Ollie is very quiet, actually. And it actually kind of weirds me out sometimes. I mention that to Pete a lot. Of course he'll bark if he's inside and sees another animal out the window or sometimes when he's in a really jacked-up mood and wants MORE attention that what he's already getting! He actually rings his poochie bells when he's trying to communicate, lol. Really!


----------



## Harley & Dakotas Mum (Jun 11, 2005)

A variation on the coins in a can trick - we have a piece of shadecloth with small, lightweight chain sewn inside of it. Ours is a circle & because its soft & lightweight, it can go into my pocket. The trainer recommended dropping (not throwing) the little pouch NEAR the puppies feet (NEVER ever touch them with it) & using the 'Bah' command when they bark.

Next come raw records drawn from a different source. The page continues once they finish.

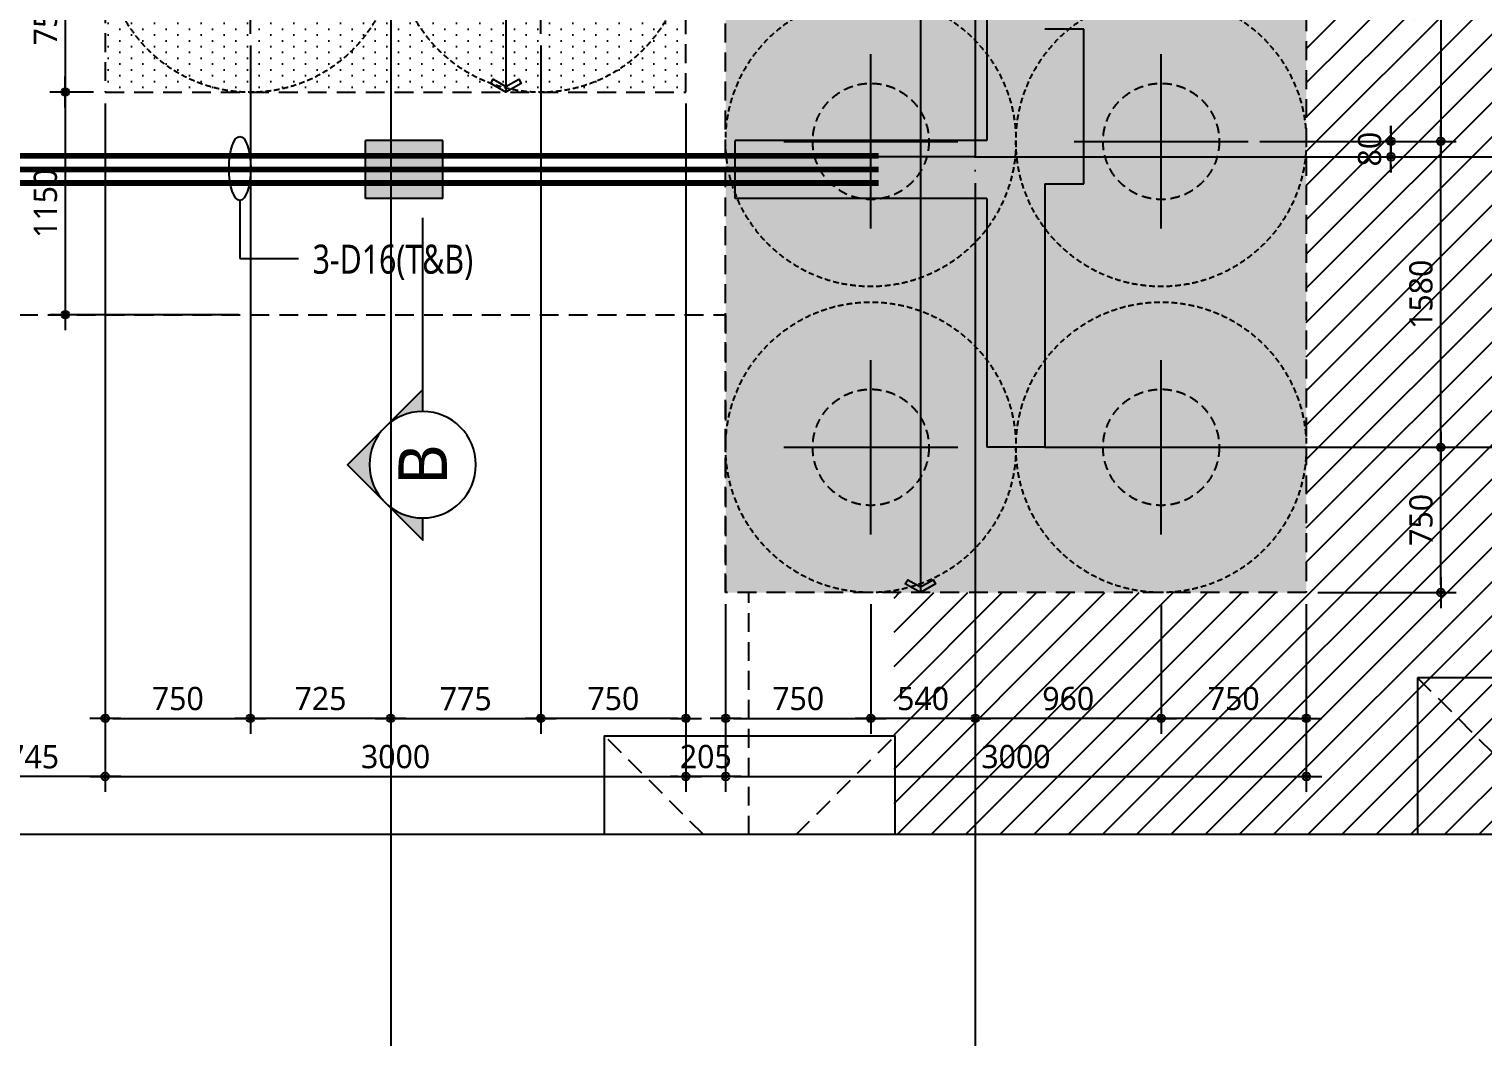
# Model space of a CAD drawing. Header units: millimetres. Extents: x 262481 to 2519995, y -394348 to 364571.
# Drawn here: x 568176 to 575687, y -77357 to -72152 of the extents above; entities that cross this region are included whole.
import ezdxf
from ezdxf.enums import TextEntityAlignment as Align
from ezdxf.xclip import XClip

# ---------------------------------------------------------------- set-up
doc = ezdxf.new("R2010")
doc.units = ezdxf.units.MM
doc.header["$LTSCALE"] = 65
doc.header["$XCLIPFRAME"] = 0
for name, pattern in [('CEN', [62, 60, -1, 0, -1]), ('XS-기초$0$CEN', [62, 60, -1, 0, -1]), ('XS-기초$0$HID', [2.3, 1.5, -0.8])]:
    doc.linetypes.add(name, pattern=pattern)
doc.layers.get('Defpoints').update_dxf_attribs({"color": 145})
for name, color, linetype in [('BAR-T', 2, 'Continuous'), ('CEN', 1, 'CEN'), ('DIM', 7, 'Continuous'), ('DOT', 3, 'Continuous'), ('HAT', 5, 'Continuous'), ('LEADER', 7, 'Continuous'), ('SEC', 11, 'Continuous'), ('T', 1, 'Continuous'), ('XS-기초$0$252', 252, 'Continuous'), ('XS-기초$0$CEN', 1, 'XS-기초$0$CEN'), ('XS-기초$0$PILE', 3, 'XS-기초$0$HID'), ('XS-기초$0$WALL', 11, 'Continuous'), ('XS-기초$0$기초연단', 3, 'Continuous'), ('XS-기초$0$보강구간', 6, 'XS-기초$0$HID'), ('XS-기초$0$집수정', 21, 'Continuous'), ('XS-기초$0$집수정-영구', 1, 'Continuous')]:
    doc.layers.add(name, color=color, linetype=linetype)
doc.layers.add('DEFPOINT', color=144, linetype='Continuous', plot=False)
doc.layers.add('XS-기초$0$DEFPOINT', color=144, linetype='Continuous', plot=False)
doc.styles.add('맑은고딕', font='malgun.ttf')
doc.dimstyles.new('DIM_40', dxfattribs={"dimscale": 40, "dimtxt": 3, "dimasz": 1, "dimexe": 2, "dimexo": 1.5, "dimgap": 1, "dimtad": 1, "dimdec": 0, "dimzin": 0, "dimdsep": 46, "dimtxsty": '맑은고딕', "dimblk1": 'DIMDOT', "dimblk2": 'DIMDOT', "dimsah": 1, "dimcen": 0.09, "dimdle": 2, "dimclrd": 7, "dimclre": 7, "dimclrt": 6, "dimadec": 0, "dimazin": 0, "dimtfac": 1, "dimtdec": 0, "dimtix": 1, "dimtmove": 2, "dimatfit": 3, "dimldrblk": 'DIMDOT', "dimfxl": 0, "dimtolj": 1, "dimtzin": 0, "dimarcsym": 0})

# ---------------------------------------------------------------- blocks, each defined once
blk = doc.blocks.new('XS-기초$0$PILE-600')
at = {"layer": 'XS-기초$0$DEFPOINT', "color": 173, "linetype": 'XS-기초$0$HID', "ltscale": 0.3}
blk.add_circle((0, 0), 750, dxfattribs=at)
at = {"layer": 'XS-기초$0$PILE', "linetype": 'Continuous'}
for p, q in [((0, -450), (0, 450)), ((-450, 0), (450, 0))]:
    blk.add_line(p, q, dxfattribs=at)
at = {"layer": 'XS-기초$0$PILE', "ltscale": 0.5}
blk.add_circle((0, 0), 300, dxfattribs=at)
blk = doc.blocks.new('XS-기초$0$집수정-1.5x1.5-영구')
at = {"layer": 'XS-기초$0$집수정-영구', "linetype": 'XS-기초$0$HID'}
for p, q in [((1500, 0), (0, 1500)), ((0, 0), (1500, 1500))]:
    blk.add_line(p, q, dxfattribs=at)
at = {"layer": 'XS-기초$0$집수정-영구'}
blk.add_lwpolyline([(0, 0), (0, 1500), (1500, 1500), (1500, 0)], close=True, dxfattribs=at)
blk = doc.blocks.new('XS-기초$0$영구집수정')
at = {"layer": 'XS-기초$0$집수정-영구'}
blk.add_blockref('XS-기초$0$집수정-1.5x1.5-영구', (131205, -68400), dxfattribs=at)
blk = doc.blocks.new('XS-기초$0$집수정-1.2x1.2')
at = {"layer": 'XS-기초$0$집수정'}
for p, q in [((0, 0), (0, 1200)), ((0, 1200), (1200, 1200)), ((1200, 1200), (1200, 0)), ((1200, 0), (0, 0))]:
    blk.add_line(p, q, dxfattribs=at)
at = {"layer": 'XS-기초$0$집수정', "linetype": 'XS-기초$0$HID'}
for p, q in [((0, 0), (1200, 1200)), ((0, 1200), (1200, 0))]:
    blk.add_line(p, q, dxfattribs=at)
blk = doc.blocks.new('XS-기초$0$A$C762E058C')
at = {"layer": 'XS-기초$0$252'}
h = blk.add_hatch(color=256, dxfattribs=at)
h.dxf.hatch_style = 1
h.paths.add_polyline_path([(124805, -55785), (124805, -55985), (123925, -55985), (123925, -56285), (125305, -56285), (125305, -57445), (126255, -57445), (126255, -63825), (124900, -63825), (124900, -64125), (125200, -64125), (125200, -64625), (125700, -64625), (125700, -64125), (126255, -64125), (126255, -65410), (126505, -65410), (126505, -64125), (127860, -64125), (127860, -63825), (126505, -63825), (126505, -57445), (127455, -57445), (127455, -56285), (128835, -56285), (128835, -55985), (127155, -55985), (127155, -57145), (126380, -57145), (125605, -57145), (125605, -55985), (125605, -55785)])
h.paths.add_polyline_path([(106100, -55300), (105300, -55300), (105300, -55800), (106100, -55800)])
h.paths.add_polyline_path([(105600, -63900), (105800, -63900), (105800, -65410), (106100, -65410), (106100, -64125), (107400, -64125), (107400, -63825), (106100, -63825), (106100, -60730), (109280, -60730), (109280, -60480), (106100, -60480), (106100, -56285), (106915, -56285), (106915, -55985), (105800, -55985), (105800, -63100), (105600, -63100)])
h.paths.add_polyline_path([(133680, -63250), (133480, -63250), (133480, -55950), (133680, -55950), (133680, -55150), (133480, -55150), (133480, -54495), (133180, -54495), (133180, -55985), (132365, -55985), (132365, -56285), (133180, -56285), (133180, -60480), (130000, -60480), (130000, -60730), (133180, -60730), (133180, -63825), (131880, -63825), (131880, -64125), (133180, -64125), (133180, -65410), (133480, -65410), (133480, -64050), (133680, -64050)])
h.paths.add_polyline_path([(117700, -64625), (117700, -63825), (117200, -63825), (117200, -64625)], flags=17)
h.paths.add_polyline_path([(109700, -63825), (109200, -63825), (108910, -63825), (108910, -64125), (109200, -64125), (109200, -64625), (109700, -64625)])
h.paths.add_polyline_path([(124075, -54635), (124375, -54635), (124375, -46185), (117850, -46185), (117850, -45985), (117050, -45985), (117050, -46185), (116075, -46185), (116075, -46485), (116525, -46485), (116525, -49385), (116825, -49385), (116825, -46485), (121375, -46485), (121375, -49085), (117935, -49085), (117935, -49385), (121850, -49385), (121850, -49085), (121675, -49085), (121675, -46485), (124075, -46485), (124075, -49085), (123420, -49085), (123420, -49385), (124075, -49385), (124075, -51585), (123475, -51585), (123475, -51885), (124075, -51885), (124075, -54185), (119175, -54185), (119175, -51885), (119875, -51885), (119875, -51585), (118875, -51585), (118875, -54185), (116525, -54185), (116525, -54485), (124075, -54485)])
h.paths.add_polyline_path([(120965, -51885), (122285, -51885), (122285, -51585), (120965, -51585)], flags=17)
h.paths.add_polyline_path([(114725, -53185), (113725, -53185), (113725, -53885), (110505, -53885), (110505, -53185), (109505, -53185), (109505, -53885), (108085, -53885), (108085, -53185), (107085, -53185), (107085, -53885), (105800, -53885), (105800, -54185), (114725, -54185)])
h.paths.add_polyline_path([(113025, -65410), (112775, -65410), (112775, -64125), (111420, -64125), (111420, -63825), (112775, -63825), (112775, -57445), (111825, -57445), (111825, -56285), (110445, -56285), (110445, -55985), (112125, -55985), (112125, -57145), (112900, -57145), (113675, -57145), (113675, -55985), (115355, -55985), (115355, -56285), (113975, -56285), (113975, -57445), (113025, -57445), (113025, -63825), (114380, -63825), (114380, -64125), (113025, -64125)])
h.paths.add_polyline_path([(119765, -65410), (119515, -65410), (119515, -64125), (118400, -64125), (118400, -63825), (119515, -63825), (119515, -60730), (116520, -60730), (116520, -60480), (119515, -60480), (119515, -56285), (118885, -56285), (118885, -55985), (119640, -55985), (120395, -55985), (120395, -56285), (119765, -56285), (119765, -60480), (122760, -60480), (122760, -60730), (119765, -60730), (119765, -63825), (120880, -63825), (120880, -64125), (119765, -64125)])
h.paths.add_polyline_path([(122390, -64125), (122390, -63825), (122790, -63825), (122790, -64125)])
h.paths.add_polyline_path([(122510, -63125), (122760, -63125), (122760, -61590), (122510, -61590)], flags=17)
h.paths.add_polyline_path([(122510, -56985), (122760, -56985), (122760, -57815), (122510, -57815)], flags=17)
h.paths.add_polyline_path([(121905, -56285), (122705, -56285), (122705, -55985), (121905, -55985)])
h.paths.add_polyline_path([(130370, -64125), (130370, -63825), (129970, -63825), (129970, -64125)])
h.paths.add_polyline_path([(130250, -63125), (130000, -63125), (130000, -61590), (130250, -61590)])
h.paths.add_polyline_path([(130250, -56985), (130000, -56985), (130000, -57815), (130250, -57815)])
h.paths.add_polyline_path([(130855, -56285), (130055, -56285), (130055, -55985), (130855, -55985)], flags=17)
h.paths.add_polyline_path([(116890, -64125), (116890, -63825), (116490, -63825), (116490, -64125)])
h.paths.add_polyline_path([(116770, -63125), (116520, -63125), (116520, -61590), (116770, -61590)])
h.paths.add_polyline_path([(116770, -56985), (116520, -56985), (116520, -57815), (116770, -57815)])
h.paths.add_polyline_path([(117375, -56285), (116575, -56285), (116575, -55985), (117375, -55985)])
h.paths.add_polyline_path([(109030, -63125), (109280, -63125), (109280, -61590), (109030, -61590)], flags=17)
h.paths.add_polyline_path([(109030, -56985), (109280, -56985), (109280, -57815), (109030, -57815)], flags=17)
h.paths.add_polyline_path([(108425, -56285), (109225, -56285), (109225, -55985), (108425, -55985)])
h.paths.add_polyline_path([(125850, -47200), (125050, -47200), (125050, -47700), (125850, -47700)])
h.paths.add_polyline_path([(114725, -50300), (113725, -50300), (113725, -51300), (114725, -51300)])
h.paths.add_polyline_path([(110505, -50300), (109505, -50300), (109505, -51300), (110505, -51300)])
h.paths.add_polyline_path([(108085, -50300), (107085, -50300), (107085, -51300), (108085, -51300)])
h.paths.add_polyline_path([(110505, -45410), (109505, -45410), (109505, -44410), (110505, -44410)])
h.paths.add_polyline_path([(108085, -45410), (107085, -45410), (107085, -44410), (108085, -44410)])
h.paths.add_polyline_path([(110505, -48330), (109505, -48330), (109505, -47330), (110505, -47330), (110505, -47705), (113005, -47705), (113005, -46805), (114425, -46805), (114425, -45775), (114725, -45775), (114725, -47105), (113305, -47105), (113305, -47830), (113305, -48555), (114725, -48555), (114725, -49850), (114425, -49850), (114425, -48855), (113005, -48855), (113005, -47955), (110505, -47955)])
h.paths.add_polyline_path([(108085, -48330), (107085, -48330), (107085, -47955), (105800, -47955), (105800, -47705), (107085, -47705), (107085, -47330), (108085, -47330)])
h.paths.add_polyline_path([(113725, -44360), (113725, -44610), (113095, -44610), (113095, -44360)])
h.paths.add_polyline_path([(114425, -43755), (114425, -44555), (114725, -44555), (114725, -43755)])
h.paths.add_polyline_path([(133850, -47200), (133050, -47200), (133050, -47700), (133850, -47700)])
h.paths.add_polyline_path([(125850, -39100), (125050, -39100), (125050, -39600), (125850, -39600)])
h.paths.add_polyline_path([(117850, -39100), (117050, -39100), (117050, -39600), (117850, -39600)], flags=17)
h.paths.add_polyline_path([(117485, -34200), (117485, -34500), (118975, -34500), (118975, -36300), (116075, -36300), (116075, -36600), (119275, -36600), (119275, -29350), (105800, -29350), (105800, -29650), (107085, -29650), (107085, -30350), (108085, -30350), (108085, -29650), (109505, -29650), (109505, -30350), (110505, -30350), (110505, -29650), (114425, -29650), (114425, -30465), (114725, -30465), (114725, -29650), (116075, -29650), (116075, -35190), (116375, -35190), (116375, -29650), (118975, -29650), (118975, -34200)])
h.paths.add_polyline_path([(110505, -41290), (109505, -41290), (109505, -42290), (110505, -42290), (110505, -41915), (114425, -41915), (114425, -42545), (114725, -42545), (114725, -41790), (114725, -41035), (114425, -41035), (114425, -41665), (110505, -41665)])
h.paths.add_polyline_path([(108085, -41290), (107085, -41290), (107085, -41665), (105800, -41665), (105800, -41915), (107085, -41915), (107085, -42290), (108085, -42290)])
h.paths.add_polyline_path([(110505, -38170), (109505, -38170), (109505, -39170), (110505, -39170)])
h.paths.add_polyline_path([(108085, -38170), (107085, -38170), (107085, -39170), (108085, -39170)])
h.paths.add_polyline_path([(110505, -36250), (109505, -36250), (109505, -35250), (110505, -35250), (110505, -35625), (113005, -35625), (113005, -34725), (114425, -34725), (114425, -33695), (114725, -33695), (114725, -35025), (113305, -35025), (113305, -35750), (113305, -36475), (114725, -36475), (114725, -37805), (114425, -37805), (114425, -36775), (113005, -36775), (113005, -35875), (110505, -35875)])
h.paths.add_polyline_path([(108085, -36250), (107085, -36250), (107085, -35875), (105800, -35875), (105800, -35625), (107085, -35625), (107085, -35250), (108085, -35250)])
h.paths.add_polyline_path([(110505, -33330), (109505, -33330), (109505, -32330), (110505, -32330)], flags=17)
h.paths.add_polyline_path([(108085, -33330), (107085, -33330), (107085, -32330), (108085, -32330)], flags=17)
h.paths.add_polyline_path([(113725, -39220), (113725, -38970), (113095, -38970), (113095, -39220)])
h.paths.add_polyline_path([(114425, -39825), (114425, -39025), (114725, -39025), (114725, -39825)])
h.paths.add_polyline_path([(113725, -32280), (113725, -32530), (113095, -32530), (113095, -32280)], flags=17)
h.paths.add_polyline_path([(114425, -31675), (114425, -32475), (114725, -32475), (114725, -31675)], flags=17)
edge = h.paths.add_edge_path()
edge.add_line((121375, -49385), (121850, -49385))
edge.add_line((116075, -34200), (116075, -34500))
blk = doc.blocks.new('XS-기초')
at = {"layer": 'XS-기초$0$CEN'}
for p, q in [((251430, 142315), (251430, 132890)), ((248410, 137920), (248410, 132890)), ((251430, 134390), (244690, 134390))]:
    blk.add_line(p, q, dxfattribs=at)
at = {"layer": 'XS-기초$0$WALL'}
for p, q in [((251490, 137570), (251490, 134475)), ((251990, 135050), (251790, 135050)), ((251990, 134250), (251990, 135050)), ((248680, 134475), (248280, 134475)), ((248280, 134175), (248280, 134475)), ((248680, 134175), (248680, 134475)), ((250190, 134175), (250190, 134475)), ((251490, 134475), (250190, 134475)), ((251790, 134250), (251790, 132890)), ((251790, 134250), (251990, 134250)), ((248680, 134175), (248280, 134175)), ((251490, 134175), (250190, 134175)), ((251490, 134175), (251490, 132890)), ((251790, 132890), (251490, 132890))]:
    blk.add_line(p, q, dxfattribs=at)
at = {"layer": 'XS-기초$0$기초연단', "linetype": 'XS-기초$0$HID'}
for p, q in [((253140, 144705), (253140, 132140)), ((246190, 133575), (250140, 133575)), ((250140, 133575), (250140, 132140)), ((253140, 132140), (250140, 132140)), ((250260, 120755), (250260, 132140))]:
    blk.add_line(p, q, dxfattribs=at)
at = {"layer": 'XS-기초$0$보강구간'}
for points in [[(253140, 132140), (250140, 132140), (250140, 144705), (253140, 144705)], [(246935, 134725), (249935, 134725), (249935, 136225), (246935, 136225)]]:
    blk.add_lwpolyline(points, close=True, dxfattribs=at)
at = {"layer": 'XS-기초$0$252'}
blk.add_blockref('XS-기초$0$A$C762E058C', (118310, 198300), dxfattribs=at)
at = {"layer": 'XS-기초$0$PILE', "xscale": -1, "rotation": 359.9999999999993}
for p in [(247685, 135475), (249185, 135475)]:
    blk.add_blockref('XS-기초$0$PILE-600', p, dxfattribs=at)
at = {"layer": 'XS-기초$0$PILE'}
for p in [(250890, 134470), (252390, 134470), (250890, 132890), (252390, 132890)]:
    blk.add_blockref('XS-기초$0$PILE-600', p, dxfattribs=at)
at = {"layer": 'XS-기초$0$집수정', "xscale": -1, "rotation": 90}
blk.add_blockref('XS-기초$0$집수정-1.2x1.2', (254915, 131700), dxfattribs=at)
at = {"layer": 'XS-기초$0$집수정-영구'}
blk.add_blockref('XS-기초$0$영구집수정', (118310, 198300), dxfattribs=at)
blk = doc.blocks.new('DIMDOT')
at = {"layer": 'DIM', "linetype": 'Continuous'}
blk.add_line((-2, 0), (2, 0), dxfattribs=at)
for radius in [0.5, 0.25]:
    blk.add_circle((0, 0), radius, dxfattribs=at)
blk = doc.blocks.new('*D361')
at = {"layer": 'Defpoints', "color": 0, "linetype": 'Continuous', "transparency": 16777216}
for p in [(571774.3, -75061.6), (574774.3, -75061.6), (574774.3, -76011.6)]:
    blk.add_point(p, dxfattribs=at)
at = {"layer": 'DIM', "color": 7, "linetype": 'Continuous', "lineweight": -2, "transparency": 16777216}
for p, q in [((571774.3, -75121.6), (571774.3, -76091.6)), ((574774.3, -75121.6), (574774.3, -76091.6)), ((571814.3, -76011.6), (574734.3, -76011.6))]:
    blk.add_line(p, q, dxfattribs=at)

I have wooden floor boards, so I don't need to be right near them when I use it - I can just drop it at the same time I say 'Bah' and so far (2 weeks) it's been working for us. I have also just shaken the little pouch & the noise of the chain inside is enough for them to get the message. It's also important to anticipate the barking & recognise the signs they they are just about to bark, and get in there first with the 'Bah'.

I also tried the 'Pet Agree' but sadly, it didn't work for us.

Good luck!


----------